Wenn es nicht um Opel ging, hatte Ottilie Scholz es zum Beispiel mit Nokia zu tun und mit dem ohnmächtigen Gefühl, den internationalen Märkten ausgeliefert zu sein. „Wir haben gute Standortbedingungen“, wird sie nicht müde zu wiederholen. Erst Opel, dann die Universität, später Nokia und zahlreiche Forschungsinstitute. Vor allem in der Gesundheitswirtschaft hat man viele Firmen überzeugt, nach Bochum zu kommen. Scholz listet die schönen Erfolge auf, die sie und ihre Vorgänger verbuchen können. Und dennoch beschleicht einen das Gefühl, dass in Bochum auf einen Erfolg stets ein noch größerer Misserfolg folgt – und die Bilanz am Ende bescheiden ausfällt.

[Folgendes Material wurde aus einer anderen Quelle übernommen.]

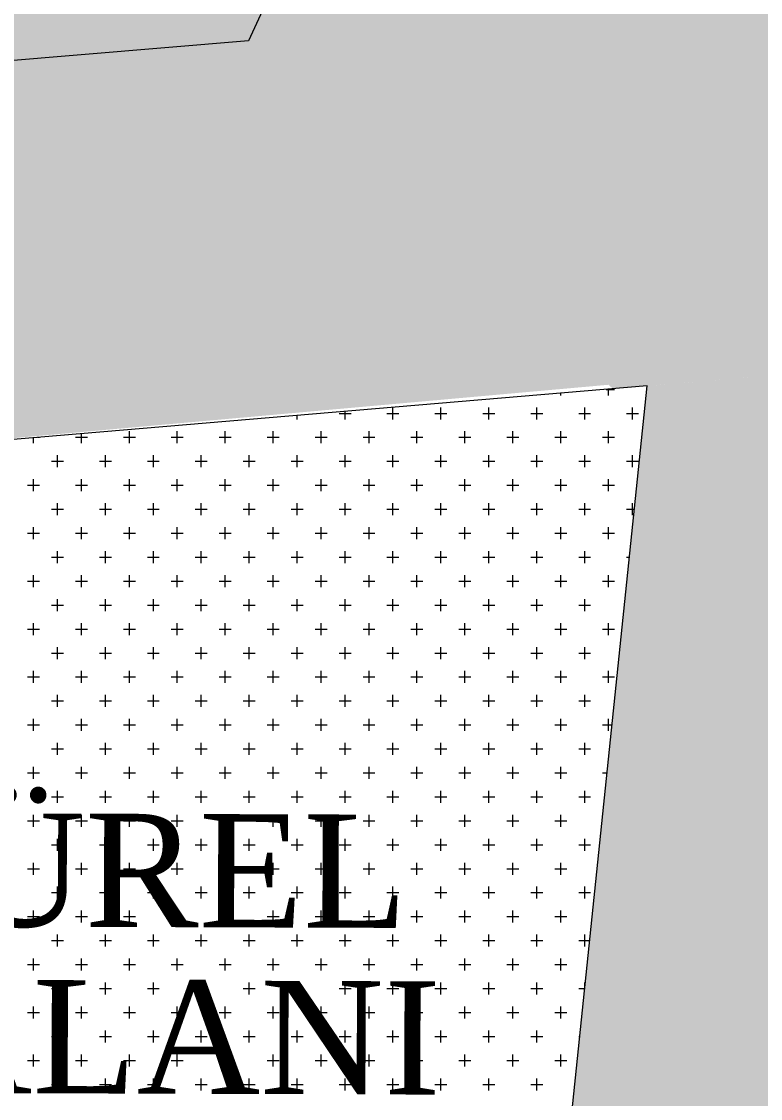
# Model space of a CAD drawing. Header units: metres. Extents: x 476631 to 477421, y 4483749 to 4484052.
# Drawn here: x 476761.02 to 476780.6, y 4483831.15 to 4483859.68 of the extents above; entities that cross this region are included whole.
import ezdxf

# ---------------------------------------------------------------- set-up
doc = ezdxf.new("R2010")
doc.units = ezdxf.units.M
for name, color, linetype, lineweight in [('M2', 1, 'Continuous', 25), ('PL_KÜLTÜREL_TESİS', 151, 'Continuous', 0), ('serbest', 10, 'Continuous', 0), ('SM_SEMBOL', 18, 'Continuous', 0), ('TK_PARSEL', 1, 'Continuous', 0)]:
    doc.layers.add(name, color=color, linetype=linetype, lineweight=lineweight)
doc.styles.get("Standard").update_dxf_attribs({"font": 'TimesNewRoman.ttf'})

msp = doc.modelspace()

# ---------------------------------------------------------------- hatches: boundary and pattern name
at = {"layer": 'M2'}
h = msp.add_hatch(color=3, dxfattribs=at)
h.dxf.hatch_style = 1
h.paths.add_polyline_path([(476754.153, 4483879.999), (476741.614, 4483871.759), (476731.585, 4483865.169), (476730.75, 4483864.62), (476740.12, 4483850.41), (476751.414, 4483857.857), (476767.03, 4483859.173), (476767.855, 4483860.964)])
at = {"layer": 'M2', "true_color": 0x636466}
h = msp.add_hatch(color=251, dxfattribs=at)
h.dxf.hatch_style = 1
h.paths.add_polyline_path([(476782.805, 4483860.501), (476779.114, 4483860.19), (476779.114, 4483860.208), (476775.985, 4483861.648), (476767.855, 4483860.964), (476767.03, 4483859.173), (476776.687, 4483849.95), (476782.3, 4483850.423), (476831.953, 4483841.207), (476831.364, 4483851.488)])
h = msp.add_hatch(color=251, dxfattribs=at)
h.dxf.hatch_style = 1
h.paths.add_polyline_path([(476754.783, 4483848.104), (476776.574, 4483850.058), (476767.03, 4483859.173), (476751.414, 4483857.857), (476740.12, 4483850.41), (476721.581, 4483838.252), (476730.286, 4483832.005)])
at = {"layer": 'serbest'}
h = msp.add_hatch(color=4, dxfattribs=at)
h.dxf.hatch_style = 1
h.paths.add_polyline_path([(476754.153, 4483879.999), (476741.614, 4483871.759), (476731.585, 4483865.169), (476730.75, 4483864.62), (476740.12, 4483850.41), (476751.414, 4483857.857), (476767.03, 4483859.173), (476767.855, 4483860.964)])
at = {"layer": 'TK_PARSEL', "true_color": 0x136734}
h = msp.add_hatch(color=116, dxfattribs=at)
h.dxf.hatch_style = 1
h.paths.add_polyline_path([(476836.659, 4483823.649), (476831.953, 4483841.207), (476782.3, 4483850.423), (476777.593, 4483850.026), (476773.752, 4483812.959), (476786.012, 4483808.806), (476835.196, 4483804.955)])

# ---------------------------------------------------------------- linework, layer by layer
at = {"layer": 'PL_KÜLTÜREL_TESİS'}
for p, q in [((476777.593, 4483850.026), (476754.783, 4483848.104)), ((476773.752, 4483812.959, 218.1), (476777.593, 4483850.026))]:
    msp.add_line(p, q, dxfattribs=at)
at = {"layer": 'PL_KÜLTÜREL_TESİS', "linetype": 'Continuous'}
for p, q in [((476776.51, 4483849.935), (476776.732, 4483849.935)), ((476776.574, 4483849.776), (476776.574, 4483849.94)), ((476775.304, 4483849.776), (476775.304, 4483849.833)), ((476769.43, 4483849.3), (476769.747, 4483849.3)), ((476769.589, 4483849.141), (476769.589, 4483849.352)), ((476770.7, 4483849.3), (476771.017, 4483849.3)), ((476770.859, 4483849.141), (476770.859, 4483849.459)), ((476771.97, 4483849.3), (476772.287, 4483849.3)), ((476772.129, 4483849.141), (476772.129, 4483849.459)), ((476773.24, 4483849.3), (476773.557, 4483849.3)), ((476773.399, 4483849.141), (476773.399, 4483849.459)), ((476774.51, 4483849.3), (476774.827, 4483849.3)), ((476774.669, 4483849.141), (476774.669, 4483849.459)), ((476775.78, 4483849.3), (476776.097, 4483849.3)), ((476775.939, 4483849.141), (476775.939, 4483849.459)), ((476777.05, 4483849.3), (476777.367, 4483849.3)), ((476777.209, 4483849.141), (476777.209, 4483849.459)), ((476768.319, 4483849.141), (476768.319, 4483849.245)), ((476762.604, 4483848.506), (476762.604, 4483848.763)), ((476763.874, 4483848.506), (476763.874, 4483848.824)), ((476765.144, 4483848.506), (476765.144, 4483848.824)), ((476766.414, 4483848.506), (476766.414, 4483848.824)), ((476767.684, 4483848.506), (476767.684, 4483848.824)), ((476768.954, 4483848.506), (476768.954, 4483848.824)), ((476770.224, 4483848.506), (476770.224, 4483848.824)), ((476771.494, 4483848.506), (476771.494, 4483848.824)), ((476772.764, 4483848.506), (476772.764, 4483848.824)), ((476774.034, 4483848.506), (476774.034, 4483848.824)), ((476775.304, 4483848.506), (476775.304, 4483848.824)), ((476776.574, 4483848.506), (476776.574, 4483848.824)), ((476761.334, 4483848.506), (476761.334, 4483848.656)), ((476761.437, 4483848.665), (476761.492, 4483848.665)), ((476762.445, 4483848.665), (476762.762, 4483848.665)), ((476763.715, 4483848.665), (476764.032, 4483848.665)), ((476764.985, 4483848.665), (476765.302, 4483848.665)), ((476766.255, 4483848.665), (476766.572, 4483848.665)), ((476767.525, 4483848.665), (476767.842, 4483848.665)), ((476768.795, 4483848.665), (476769.112, 4483848.665)), ((476770.065, 4483848.665), (476770.382, 4483848.665)), ((476771.335, 4483848.665), (476771.653, 4483848.665)), ((476772.605, 4483848.665), (476772.922, 4483848.665)), ((476773.875, 4483848.665), (476774.193, 4483848.665)), ((476775.145, 4483848.665), (476775.463, 4483848.665)), ((476776.415, 4483848.665), (476776.732, 4483848.665)), ((476761.969, 4483847.871), (476761.969, 4483848.189)), ((476763.239, 4483847.871), (476763.239, 4483848.189)), ((476764.509, 4483847.871), (476764.509, 4483848.189)), ((476765.779, 4483847.871), (476765.779, 4483848.189)), ((476767.049, 4483847.871), (476767.049, 4483848.189)), ((476768.319, 4483847.871), (476768.319, 4483848.189)), ((476769.589, 4483847.871), (476769.589, 4483848.189)), ((476770.859, 4483847.871), (476770.859, 4483848.189)), ((476772.129, 4483847.871), (476772.129, 4483848.189)), ((476773.399, 4483847.871), (476773.399, 4483848.189)), ((476774.669, 4483847.871), (476774.669, 4483848.189)), ((476775.939, 4483847.871), (476775.939, 4483848.189)), ((476777.209, 4483847.871), (476777.209, 4483848.189)), ((476761.81, 4483848.03), (476762.127, 4483848.03)), ((476763.08, 4483848.03), (476763.398, 4483848.03)), ((476764.35, 4483848.03), (476764.667, 4483848.03)), ((476765.62, 4483848.03), (476765.938, 4483848.03)), ((476766.89, 4483848.03), (476767.208, 4483848.03)), ((476768.16, 4483848.03), (476768.477, 4483848.03)), ((476769.43, 4483848.03), (476769.747, 4483848.03)), ((476770.7, 4483848.03), (476771.017, 4483848.03)), ((476771.97, 4483848.03), (476772.287, 4483848.03)), ((476773.24, 4483848.03), (476773.557, 4483848.03)), ((476774.51, 4483848.03), (476774.827, 4483848.03)), ((476775.78, 4483848.03), (476776.097, 4483848.03)), ((476777.05, 4483848.03), (476777.367, 4483848.03)), ((476761.175, 4483847.395), (476761.492, 4483847.395)), ((476761.334, 4483847.236), (476761.334, 4483847.554)), ((476762.445, 4483847.395), (476762.762, 4483847.395)), ((476762.604, 4483847.236), (476762.604, 4483847.554)), ((476763.715, 4483847.395), (476764.032, 4483847.395)), ((476763.874, 4483847.236), (476763.874, 4483847.554)), ((476764.985, 4483847.395), (476765.302, 4483847.395)), ((476765.144, 4483847.236), (476765.144, 4483847.554)), ((476766.255, 4483847.395), (476766.572, 4483847.395)), ((476766.414, 4483847.236), (476766.414, 4483847.554)), ((476767.525, 4483847.395), (476767.842, 4483847.395)), ((476767.684, 4483847.236), (476767.684, 4483847.554)), ((476768.795, 4483847.395), (476769.112, 4483847.395)), ((476768.954, 4483847.236), (476768.954, 4483847.554)), ((476770.065, 4483847.395), (476770.382, 4483847.395)), ((476770.224, 4483847.236), (476770.224, 4483847.554)), ((476771.335, 4483847.395), (476771.653, 4483847.395)), ((476771.494, 4483847.236), (476771.494, 4483847.554)), ((476772.605, 4483847.395), (476772.922, 4483847.395)), ((476772.764, 4483847.236), (476772.764, 4483847.554)), ((476773.875, 4483847.395), (476774.193, 4483847.395)), ((476774.034, 4483847.236), (476774.034, 4483847.554)), ((476775.145, 4483847.395), (476775.463, 4483847.395)), ((476775.304, 4483847.236), (476775.304, 4483847.554)), ((476776.415, 4483847.395), (476776.732, 4483847.395)), ((476776.574, 4483847.236), (476776.574, 4483847.554)), ((476761.81, 4483846.76), (476762.127, 4483846.76)), ((476761.969, 4483846.601), (476761.969, 4483846.919)), ((476763.08, 4483846.76), (476763.398, 4483846.76)), ((476763.239, 4483846.601), (476763.239, 4483846.919)), ((476764.35, 4483846.76), (476764.667, 4483846.76)), ((476764.509, 4483846.601), (476764.509, 4483846.919)), ((476765.62, 4483846.76), (476765.938, 4483846.76)), ((476765.779, 4483846.601), (476765.779, 4483846.919)), ((476766.89, 4483846.76), (476767.208, 4483846.76)), ((476767.049, 4483846.601), (476767.049, 4483846.919)), ((476768.16, 4483846.76), (476768.477, 4483846.76)), ((476768.319, 4483846.601), (476768.319, 4483846.919)), ((476769.43, 4483846.76), (476769.747, 4483846.76)), ((476769.589, 4483846.601), (476769.589, 4483846.919)), ((476770.7, 4483846.76), (476771.017, 4483846.76)), ((476770.859, 4483846.601), (476770.859, 4483846.919)), ((476771.97, 4483846.76), (476772.287, 4483846.76)), ((476772.129, 4483846.601), (476772.129, 4483846.919)), ((476773.24, 4483846.76), (476773.557, 4483846.76)), ((476773.399, 4483846.601), (476773.399, 4483846.919)), ((476774.51, 4483846.76), (476774.827, 4483846.76)), ((476774.669, 4483846.601), (476774.669, 4483846.919)), ((476775.78, 4483846.76), (476776.097, 4483846.76)), ((476775.939, 4483846.601), (476775.939, 4483846.919)), ((476777.05, 4483846.76), (476777.254, 4483846.76)), ((476777.209, 4483846.601), (476777.209, 4483846.919)), ((476761.334, 4483845.966), (476761.334, 4483846.284)), ((476762.604, 4483845.966), (476762.604, 4483846.284)), ((476763.874, 4483845.966), (476763.874, 4483846.284)), ((476765.144, 4483845.966), (476765.144, 4483846.284)), ((476766.414, 4483845.966), (476766.414, 4483846.284)), ((476767.684, 4483845.966), (476767.684, 4483846.284)), ((476768.954, 4483845.966), (476768.954, 4483846.284)), ((476770.224, 4483845.966), (476770.224, 4483846.284)), ((476771.494, 4483845.966), (476771.494, 4483846.284)), ((476772.764, 4483845.966), (476772.764, 4483846.284)), ((476774.034, 4483845.966), (476774.034, 4483846.284)), ((476775.304, 4483845.966), (476775.304, 4483846.284)), ((476776.574, 4483845.966), (476776.574, 4483846.284)), ((476761.175, 4483846.125), (476761.492, 4483846.125)), ((476762.445, 4483846.125), (476762.762, 4483846.125)), ((476763.715, 4483846.125), (476764.032, 4483846.125)), ((476764.985, 4483846.125), (476765.302, 4483846.125)), ((476766.255, 4483846.125), (476766.572, 4483846.125)), ((476767.525, 4483846.125), (476767.842, 4483846.125)), ((476768.795, 4483846.125), (476769.112, 4483846.125)), ((476770.065, 4483846.125), (476770.382, 4483846.125)), ((476771.335, 4483846.125), (476771.653, 4483846.125)), ((476772.605, 4483846.125), (476772.922, 4483846.125)), ((476773.875, 4483846.125), (476774.193, 4483846.125)), ((476775.145, 4483846.125), (476775.463, 4483846.125)), ((476776.415, 4483846.125), (476776.732, 4483846.125)), ((476761.969, 4483845.331), (476761.969, 4483845.649)), ((476763.239, 4483845.331), (476763.239, 4483845.649)), ((476764.509, 4483845.331), (476764.509, 4483845.649)), ((476765.779, 4483845.331), (476765.779, 4483845.649)), ((476767.049, 4483845.331), (476767.049, 4483845.649)), ((476768.319, 4483845.331), (476768.319, 4483845.649)), ((476769.589, 4483845.331), (476769.589, 4483845.649)), ((476770.859, 4483845.331), (476770.859, 4483845.649)), ((476772.129, 4483845.331), (476772.129, 4483845.649)), ((476773.399, 4483845.331), (476773.399, 4483845.649)), ((476774.669, 4483845.331), (476774.669, 4483845.649)), ((476775.939, 4483845.331), (476775.939, 4483845.649)), ((476761.81, 4483845.49), (476762.127, 4483845.49)), ((476763.08, 4483845.49), (476763.398, 4483845.49)), ((476764.35, 4483845.49), (476764.667, 4483845.49)), ((476765.62, 4483845.49), (476765.938, 4483845.49)), ((476766.89, 4483845.49), (476767.208, 4483845.49)), ((476768.16, 4483845.49), (476768.477, 4483845.49)), ((476769.43, 4483845.49), (476769.747, 4483845.49)), ((476770.7, 4483845.49), (476771.017, 4483845.49)), ((476771.97, 4483845.49), (476772.287, 4483845.49)), ((476773.24, 4483845.49), (476773.557, 4483845.49)), ((476774.51, 4483845.49), (476774.827, 4483845.49)), ((476775.78, 4483845.49), (476776.097, 4483845.49)), ((476777.05, 4483845.49), (476777.123, 4483845.49)), ((476761.334, 4483844.696), (476761.334, 4483845.014)), ((476762.604, 4483844.696), (476762.604, 4483845.014)), ((476763.874, 4483844.696), (476763.874, 4483845.014)), ((476765.144, 4483844.696), (476765.144, 4483845.014)), ((476766.414, 4483844.696), (476766.414, 4483845.014)), ((476767.684, 4483844.696), (476767.684, 4483845.014)), ((476768.954, 4483844.696), (476768.954, 4483845.014)), ((476770.224, 4483844.696), (476770.224, 4483845.014)), ((476771.494, 4483844.696), (476771.494, 4483845.014)), ((476772.764, 4483844.696), (476772.764, 4483845.014)), ((476774.034, 4483844.696), (476774.034, 4483845.014)), ((476775.304, 4483844.696), (476775.304, 4483845.014)), ((476776.574, 4483844.696), (476776.574, 4483845.014)), ((476761.175, 4483844.855), (476761.492, 4483844.855)), ((476762.445, 4483844.855), (476762.762, 4483844.855)), ((476763.715, 4483844.855), (476764.032, 4483844.855)), ((476764.985, 4483844.855), (476765.302, 4483844.855)), ((476766.255, 4483844.855), (476766.572, 4483844.855)), ((476767.525, 4483844.855), (476767.842, 4483844.855)), ((476768.795, 4483844.855), (476769.112, 4483844.855)), ((476770.065, 4483844.855), (476770.382, 4483844.855)), ((476771.335, 4483844.855), (476771.653, 4483844.855)), ((476772.605, 4483844.855), (476772.922, 4483844.855)), ((476773.875, 4483844.855), (476774.193, 4483844.855)), ((476775.145, 4483844.855), (476775.463, 4483844.855)), ((476776.415, 4483844.855), (476776.732, 4483844.855)), ((476761.81, 4483844.22), (476762.127, 4483844.22)), ((476761.969, 4483844.061), (476761.969, 4483844.379)), ((476763.08, 4483844.22), (476763.398, 4483844.22)), ((476763.239, 4483844.061), (476763.239, 4483844.379)), ((476764.35, 4483844.22), (476764.667, 4483844.22)), ((476764.509, 4483844.061), (476764.509, 4483844.379)), ((476765.62, 4483844.22), (476765.938, 4483844.22)), ((476765.779, 4483844.061), (476765.779, 4483844.379)), ((476766.89, 4483844.22), (476767.208, 4483844.22)), ((476767.049, 4483844.061), (476767.049, 4483844.379)), ((476768.16, 4483844.22), (476768.477, 4483844.22)), ((476768.319, 4483844.061), (476768.319, 4483844.379)), ((476769.43, 4483844.22), (476769.747, 4483844.22)), ((476769.589, 4483844.061), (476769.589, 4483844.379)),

„Die Stärke der Region ist der Zusammenhalt“, hat die nordrhein-westfälische Ministerpräsidentin Hannelore Kraft (SPD) kürzlich bei einem Besuch bei Opel ausgerufen. Auf mehr Unterstützung durch die Politik setzen viele bei Opel – nicht nur in Bochum. Man erinnert sich an das Jahr 2009, als der Fall Opel im Kanzleramt verhandelt wurde. Der österreichisch-kanadische Zulieferer Magna, die Chinesen und Fiat lieferten sich einen Bieterstreit um die GM-Tochter. Gleichzeitig ging es um Staatshilfe und eine Einigung mit GM. Die Amerikaner machten am Ende eine Kehrtwende und behielten Opel selbst – die Bundesregierung war brüskiert.

Während die Bochumer derzeit vergeblich auf Kommentare aus Berlin zum Thema Opel warten, regt sich nach dem jüngsten Coup der General-Motors-Führung in Detroit Unmut in den Bundesländern mit Opel-Werken. Der erneute Führungswechsel innerhalb kürzester Zeit sei für ein Unternehmen, das umstrukturiert werde, „bedenklich“, sagt der Thüringer Wirtschaftsminister Matthias Machnig. Den vereinbarten „Deutschlandplan“ will der SPD-Politiker verteidigen: „Für die Opel-Standorte gilt, was am 28. Juni im Aufsichtsrat beschlossen und zugesichert wurde: Bis 2016 bleiben die Standorte erhalten, es gibt keine betriebsbedingten Kündigungen.“

Darauf hofft man auch in Bochum. Die Solidarität ist in der Stadt tatsächlich noch etwas breiter angelegt als anderswo. Vor allem die Kulturschaffenden stehen an der Seite der Malocher, wenn die wieder einmal protestieren. Als Opel-Betriebsratschef Rainer Einenkel jetzt im Schauspielhaus Bochum anrief und fragte, was man machen könne, organisierten die Theaterleute sofort eine große Kundgebung, an der mehrere tausend Bochumer teilnahmen. Seither hängt ein überdimensioniertes Transparent über dem Eingang zum Schauspielhaus. „Spielzeitverlängerung für Opel“, steht dort. Der Beifall war stürmisch, als es entrollt wurde.